Hi! I'm Bryana. I currently he 10 beautiful bettas. 
Females
---------------
Wish- Cambodian Veitail 
Wonder- Cambodian Crowntail
Gypsy- Turquoise Crowntail
Rose the Second- Traditional Brown and Red Veiltail
-----------------
Males 
-----------------
Devil- Red Veitail
Angel- Yellow/White Veiltail
Oasis- Turqoise Crowntail
Poseidon- Multi Color Red,White,and Blue Marble Crowntail
Neptune- DragonScale Turqoise Black and Red Halfmoon 
Kyper- Violet/Indigo Crowntail 
--------------------
So those are my baby's! I love them to death. I've kept bettas for about 2 years. So far I've had 13 bettas. I plan to breed and show my fish (LONG time away)
If anybody has any questions about me or my fish,feel free to ask! Please no welcome to the forum. I've had my welcome!


----------



## ChoclateBetta (Jul 22, 2012)

Male 
Delta Tail Chocolate.


----------



## bryzy (Nov 3, 2012)

Neptune has a hole in his fin which tore…  I'm treating with AQ salt.


----------



## ChoclateBetta (Jul 22, 2012)

IAL is good too.


----------



## bryzy (Nov 3, 2012)

I can't. purchase IAL... NOOOO


----------



## ChoclateBetta (Jul 22, 2012)

Carter got sick today.

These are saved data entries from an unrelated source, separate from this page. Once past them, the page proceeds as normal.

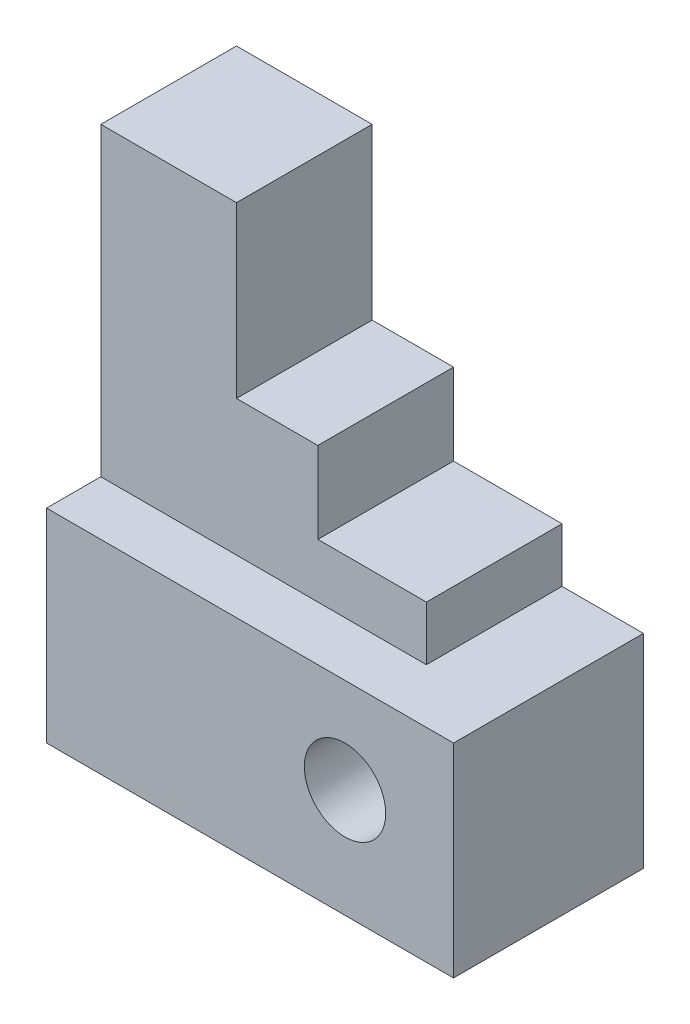
SolidWorks part; units mm, degrees
ref_plane "Front Plane" through (0, 0, 0) normal (0, 0, 1) x (1, 0, 0)
ref_plane "Top Plane" through (0, 0, 0) normal (0, 1, 0) x (1, 0, 0)
ref_plane "Right Plane" through (0, 0, 0) normal (1, 0, 0) x (0, 0, -1)
sketch "Sketch1" plane through (0, 0, 0) normal (0, 0, 1) x (1, 0, 0)
  line L0 (0, 30) -> (0, 75)
  line L1 (0, 0) -> (60, 0)
  line L2 (0, 0) -> (0, 30)
  line L3 (0, 30) -> (60, 30)
  line L4 (60, 0) -> (60, 30)
  line L5 (0, 75) -> (20, 75)
  line L6 (20, 75) -> (20, 50)
  line L7 (20, 50) -> (32, 50)
  line L8 (32, 50) -> (32, 38)
  line L9 (32, 38) -> (48, 38)
  line L10 (48, 38) -> (48, 30)
  circle A0 centre (44, 16) radius 6
  point P14 (50.266, 30)
  point P15 (44.0742, 41.4329)
  point P16 (44.2749, 14.1458)
  dimension "D11" = 12
  dimension "D1" = 30
  dimension "D2" = 60
  dimension "D3" = 75
  dimension "D4" = 20
  dimension "D5" = 12
  dimension "D6" = 20
  dimension "D7" = 12
  dimension "D8" = 12
  dimension "D9" = 16
  dimension "D10" = 16
extrude "Boss-Extrude1" add sketch "Sketch1" along normal blind 28 contours L1 L4 L3 L2 A0 region at (29.0614, 14.933, 0)
extrude "Boss-Extrude2" add sketch "Sketch1<3>" along normal blind 20 contours L10 L9 L8 L7 L6 L5 L0 L3 region at (16.0568, 48.2666, 0)
sketch "Sketch1<3>" plane through (0, 0, 0) normal (0, 0, 1) x (1, 0, 0) same geometry as "Sketch1"
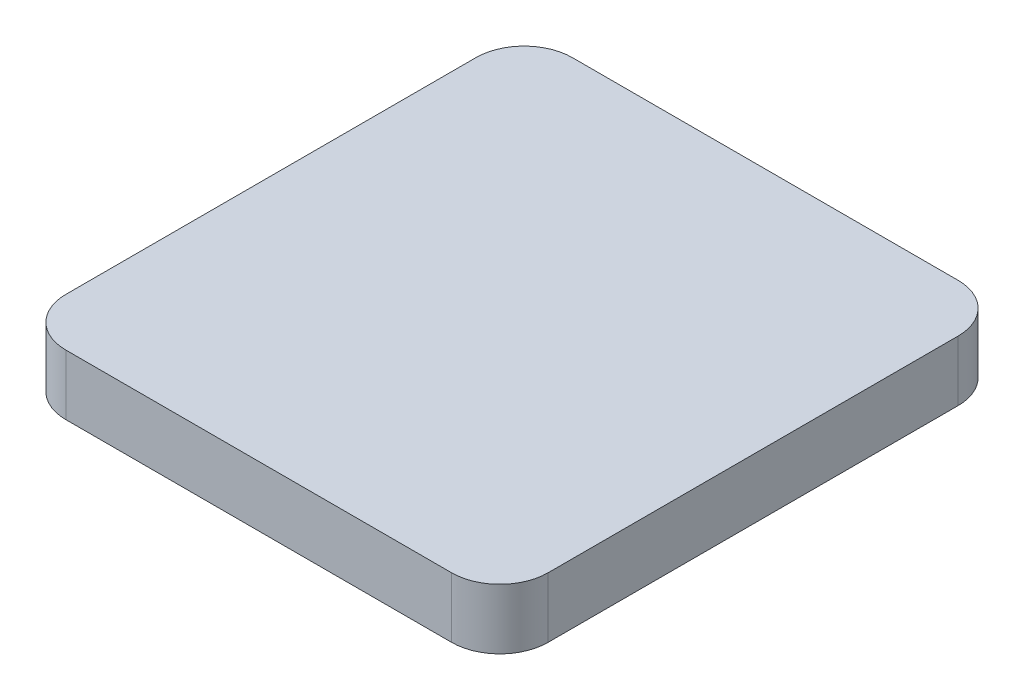
SolidWorks part; units mm, degrees
material "Acrylic (Medium-high impact)"
ref_plane "Front Plane" through (0, 0, 0) normal (0, 0, 1) x (1, 0, 0)
ref_plane "Top Plane" through (0, 0, 0) normal (0, 1, 0) x (1, 0, 0)
ref_plane "Right Plane" through (0, 0, 0) normal (1, 0, 0) x (0, 0, -1)
ref_plane "Plane1" through (0, 0, 0) normal (0, 1, 0) x (1, 0, 0)
sketch "Sketch1" plane through (0, 0, 0) normal (0, 1, 0) x (1, 0, 0)
  line L1 (0, 0) -> (25.4, 0)
  line L2 (0, 0) -> (0, 26.68)
  line L3 (0, 26.68) -> (25.4, 26.68)
  line L4 (25.4, 0) -> (25.4, 26.68)
  dimension "D1" = 26.68
  dimension "D2" = 25.4
extrude "Boss-Extrude1" add sketch "Sketch1" along normal blind 3.175
ref_plane "Plane2" through (0, 3.175, 0) normal (0, 1, 0) x (1, 0, 0)
sketch "Sketch2" plane through (0, 3.175, 0) normal (0, 1, 0) x (1, 0, 0)
  line L0 (0, 26.68) -> (0, 0) construction
  line L1 (6.35, 17.155) -> (19.05, 17.155)
  line L2 (6.35, 17.155) -> (6.35, 20.33)
  line L3 (6.35, 20.33) -> (19.05, 20.33)
  line L4 (19.05, 17.155) -> (19.05, 20.33)
  line L5 (25.4, 0) -> (25.4, 26.68) construction
  line L7 (25.4, 26.68) -> (0, 26.68) construction
  dimension "D1" = 6.35
  dimension "D2" = 6.35
  dimension "D3" = 6.35
  dimension "D4" = 3.175
extrude "Cut-Extrude1" [suppressed] cut sketch "Sketch2" against normal through all
fillet "Fillet1" radius 2.54 4 edges at (0, 1.5875, -26.68) (25.4, 1.5875, -26.68) (25.4, 1.5875, 0) (0, 1.5875, 0)
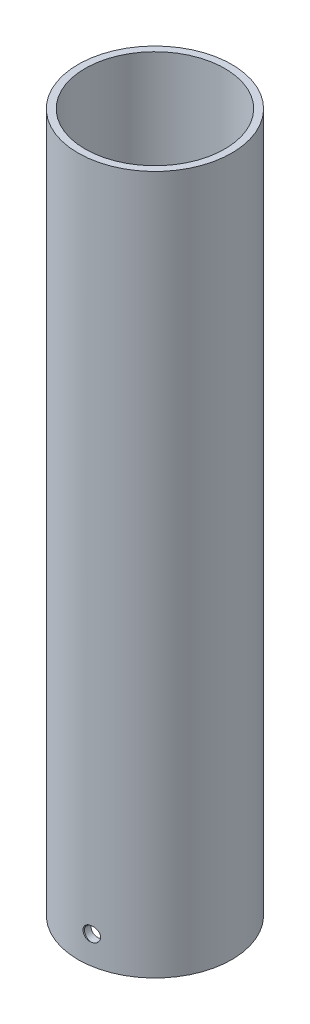
SolidWorks part; units mm, degrees
ref_plane "Front Plane" through (0, 0, 0) normal (0, 0, 1) x (1, 0, 0)
ref_plane "Top Plane" through (0, 0, 0) normal (0, 1, 0) x (1, 0, 0)
ref_plane "Right Plane" through (0, 0, 0) normal (1, 0, 0) x (0, 0, -1)
sketch "Sketch1" plane through (0, 0, 0) normal (0, 1, 0) x (1, 0, 0)
  circle A0 centre (0, 0) radius 50
  circle A1 centre (0, 0) radius 55
  dimension "D1" = 5
  dimension "D2" = 100
extrude "Boss-Extrude2" add sketch "Sketch1" against normal blind 500
ref_plane "Drain hole level" through (0, -480, 0) normal (0, 1, 0) x (1, 0, 0)
ref_plane "Parallel to Mantle" through (0, 0, 55) normal (0, 0, 1) x (1, 0, 0)
hole_wizard "1/8 NPT Tapped Hole1" positions "Sketch4" profile "Sketch6" size "1/8" standard "ANSI Inch"
sketch "Sketch4" plane through (0, 0, 55) normal (0, 0, 1) x (1, 0, 0)
  point P0 (9.082, -479.986)
  point P4 (0, 0)
  point P5 (10.4448, -480.6228)
  point P6 (9.082, -479.986)
sketch "Sketch6" plane through (9.082, -479.986, 55) normal (1, 0, 0) x (0, -1, 0)
  line L0 (0, 0) -> (0, 14.1535)
  line L1 (4.2164, 11.62) -> (0, 14.1535)
  line L2 (-4.2164, 11.62) -> (0, 14.1535) construction
  line L3 (4.2164, 11.62) -> (4.2164, 6.92)
  line L4 (4.2164, 6.92) -> (4.9552, 6.92)
  line L5 (4.9552, 6.92) -> (5.1434, 0.635)
  line L6 (5.1434, 0.635) -> (5.7784, 0)
  line L7 (5.7784, 0) -> (0, 0)
  line L8 (0, -6.35) -> (0, 107.95) construction
  line L9 (-5.1434, 0.635) -> (-5.7784, 0) construction
  line L11 (-4.2164, 6.92) -> (-4.9552, 6.92) construction
  line L12 (-4.9552, 6.92) -> (-5.1434, 0.635) construction
  dimension "Tap Drill Dia." = 8.4328
  dimension "Tap Drill Depth" = 11.62
  dimension "Thread Dia." = 10.2867
  dimension "Thread Angle" = 3.43
  dimension "Thread Depth" = 6.92
  dimension "C'Sink Dia." = 11.5567
  dimension "C'Sink Angle" = 90
  dimension "Drill Angle" = 118

I built a chemical soup. Added it to the tank recovered in hours.


----------



## bryzy (Nov 3, 2012)

How did you build it?


----------



## ChoclateBetta (Jul 22, 2012)

I poured 15-20 teaspoons of aquarium
Salt in the tank. 2 cups of ick attack one cup of copper safe and 3 IAL leaves.


----------



## bryzy (Nov 3, 2012)

OK! So I haven't really posted so, here is my fish update.
MALES
Devil, Angel, Oasis, Poseidon, Neptune, Kyper, and Hades.
FEMALES
Rose, Wonder, and Gypsy

I haven't really been up to much. Went X- Mas shopping, got Hades. My life is boring. Oh wait!!!! I got a visit in my HOUSE from the varsity cheer team. It was so amazing! I was super shocked and speechless! They gave me a shirt, back-pack and socks. Sounds weird, but still.


----------



## ChoclateBetta (Jul 22, 2012)

On Christmas I did not get to see Carter.


----------